Proprio grazie a questa attività siamo stati invitati a Vienna per un gruppo di lavoro tra paesi di lingua tedesca e da lì siamo entrati in contatto con l’AIRC, Association Internationale des Réparateurs en Carrosserie (associazione internazionale dei riparatori indipendenti di carrozzeria n.d.r.), dove abbiamo ottenuto il diritto a un voto. Ogni paese ha infatti diritto a due voti, così per il secondo nome ho presentato Federcarrozzieri, perché a mio avviso era l’associazione più in linea con l’idea di riparatori indipendenti.
Ma cosa fa esattamente l’AIRC e di cosa vi occupate?
Tendenzialmente ci occupiamo di difendere i diritti dei carrozzieri in Europa. Per esempio, in questo momento c’è un grande problema legato all’aumento dei costi a causa del Covid-19, che nessuno riconosce, non solo in Italia, ma in tutta Europa. A seconda delle compagnie, ad esempio, c’è chi paga e chi non riconosce alcun valore alla sanificazione, questo ha portato ad alcune reazioni anche estreme. Mi riferisco alla Germania dove molti carrozzieri hanno adottato l’abitudine di inserire un biglietto nelle auto riparate dei clienti in cui si spiega che l’auto non è stata sanificata perché l’assicurazione non paga tale servizio.
Ma il confronto europeo fa emergere anche incongruenze interne al nostro paese. Rispetto alle altre nazioni siamo molto avanti su vari fronti. L’Italia è uno dei pochi paesi in cui è sopravvissuta la manualità degli artigiani, quindi a differenza di molti nostri colleghi siamo ancora in grado di riparare dei danni e non solo di sostituire componenti. Purtroppo, nonostante questa nostra competenza, siamo quelli cui la manodopera è la meno pagata d’Europa e su questo punto la critica maggiore va proprio a noi stessi: i carrozzieri sembra quasi si vergognino del loro lavoro o di chiedere cifre adeguate alla propria professionalità.
Con il Covid-19 c’è stata una accelerazione sul digitale, ritieni che questo sia un bene per il settore?
La digitalizzazione è una grande chance sempre che si sappia cavalcarla.

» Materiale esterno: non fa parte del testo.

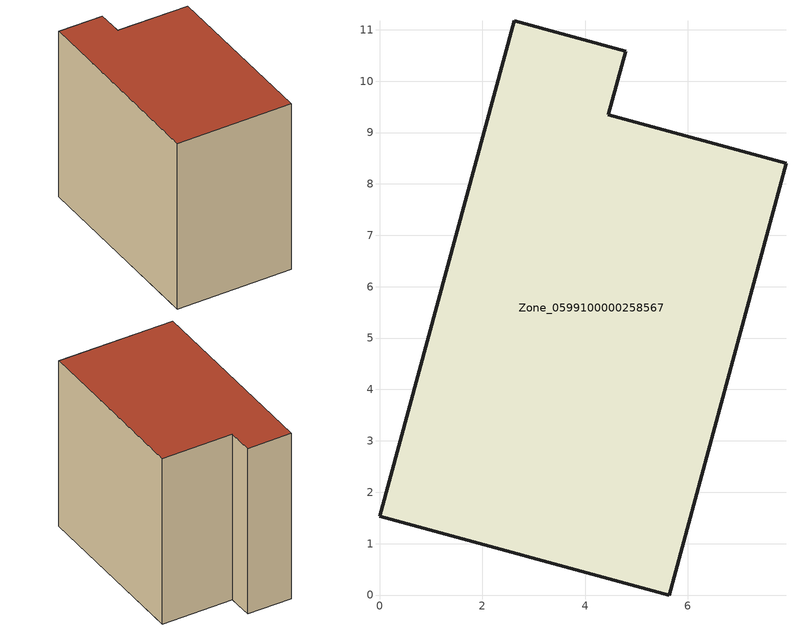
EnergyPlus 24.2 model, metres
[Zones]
Zone_0599100000258567
 floor ground (C_G): 0,1.53 2.62,11.17 4.79,10.58 4.45,9.35 7.91,8.4 5.64,0 z0
 wall outside (C_F): 2.62,11.17 0,1.53 5.64,0 7.91,8.4 4.45,9.35 4.79,10.58 2.62,11.17 z0:8.83
 roof outside (C_R): 0,1.53 5.64,0 7.91,8.4 4.45,9.35 4.79,10.58 2.62,11.17 z8.83
[BUILDING]
Pand.0599100000258567: North Axis=0; Terrain=City; Loads Convergence Tolerance Value=0.04; Temperature Convergence Tolerance Value=0.4; Solar Distribution=FullExterior; Maximum Number of Warmup Days=25; Minimum Number of Warmup Days=1
[Site:Location]
Rotterdam.The.Hague.AP_ZH_NLD Design_Conditions: Latitude=51.96; Longitude=4.45; Time Zone=1; Elevation=-4.5
[SITE:GROUNDTEMPERATURE:BUILDINGSURFACE]
18, 18, 18, 18, 18, 18, 18, 18, 18, 18, 18, 18
[MATERIAL] Thermal Absorptance=0.9; Solar Absorptance=0.7; Visible Absorptance=0.7
Name | Roughness | Thickness | Conductivity | Density | Specific Heat
G.TI.1946-1964 | MediumSmooth | 0.15 | 1 | 540 | 1210
F.TI.1946-1964 | Rough | 0.3 | 0.857143 | 1920 | 840
R.TI.1946-1964 | MediumRough | 0.2 | 0.277778 | 1500 | 1000
[CONSTRUCTION]
C_G: G.TI.1946-1964
C_F: F.TI.1946-1964
C_R: R.TI.1946-1964
[ZONE]
Zone_0599100000258567: Type=1; Multiplier=1; Ceiling Height=Autocalculate; Volume=Autocalculate; Floor Area=autocalculate; Part of Total Floor Area=Yes
[ZONEINFILTRATION:DESIGNFLOWRATE]
Infil_Zone_0599100000258567: Zone or ZoneList or Space or SpaceList=Zone_0599100000258567; Schedule=AlwaysOn; Design Flow Rate Calculation Method=Flow/Area; Flow Rate per Floor Area=0.003; Constant Term Coefficient=1; Temperature Term Coefficient=0; Velocity Term Coefficient=0; Velocity Squared Term Coefficient=0
[HVACTEMPLATE:ZONE:IDEALLOADSAIRSYSTEM]
Zone_0599100000258567: Maximum Heating Supply Air Temperature=50; Minimum Cooling Supply Air Temperature=13; Maximum Heating Supply Air Humidity Ratio=0.0156; Minimum Cooling Supply Air Humidity Ratio=0.0077; Heating Limit=NoLimit; Cooling Limit=NoLimit; Dehumidification Control Type=ConstantSensibleHeatRatio; Cooling Sensible Heat Ratio=0.7; Dehumidification Setpoint=60; Humidification Control Type=None; Humidification Setpoint=30; Outdoor Air Method=None; Outdoor Air Flow Rate per Person=0.00944; Outdoor Air Flow Rate per Zone Floor Area=0; Outdoor Air Flow Rate per Zone=0; Demand Controlled Ventilation Type=None; Outdoor Air Economizer Type=NoEconomizer; Heat Recovery Type=None; Sensible Heat Recovery Effectiveness=0.7; Latent Heat Recovery Effectiveness=0.65
[ZONECONTROL:THERMOSTAT]
ThermostatControl_Zone_0599100000258567: Zone or ZoneList=Zone_0599100000258567; Control Type Schedule=DualSetpointControlType; Control 1=Thermostat_Zone_0599100000258567; Temperature Difference Between Cutout And Setpoint=0
[THERMOSTATSETPOINT:DUALSETPOINT]
Thermostat_Zone_0599100000258567: Heating Setpoint Temperature Schedule=HeatingSetpoint_Zone_0599100000258567; Cooling Setpoint Temperature Schedule=CoolingSetpoint_Zone_0599100000258567
[SCHEDULE:COMPACT]
HeatingSetpoint_Zone_0599100000258567: Through: 12/31, For: AllDays, Until: 24:00, 21
CoolingSetpoint_Zone_0599100000258567: Through: 12/31, For: AllDays, Until: 24:00, 24
DualSetpointControlType: Through: 12/31, For: AllDays, Until: 24:00, 4
AlwaysOn: Through: 12/31, For: AllDays, Until: 24:00, 1

Il primo vantaggio che vedo è la disintermediazione di molte funzioni e costi, che oggi stanno tra il danno e la riparazione, che è l’unico processo che non si può digitalizzare, almeno nel mondo della carrozzeria, perché nella meccanica alcuni processi probabilmente saranno gestiti da remoto.
La cosa che invece, ancora oggi, mi sorprende e mi delude di più sono i magazzini dei fornitori: in un’epoca di E-commerce e digitalizzazione è ancora impossibile sapere giacenze e prezzi di un componente senza passare dai contatti telefonici.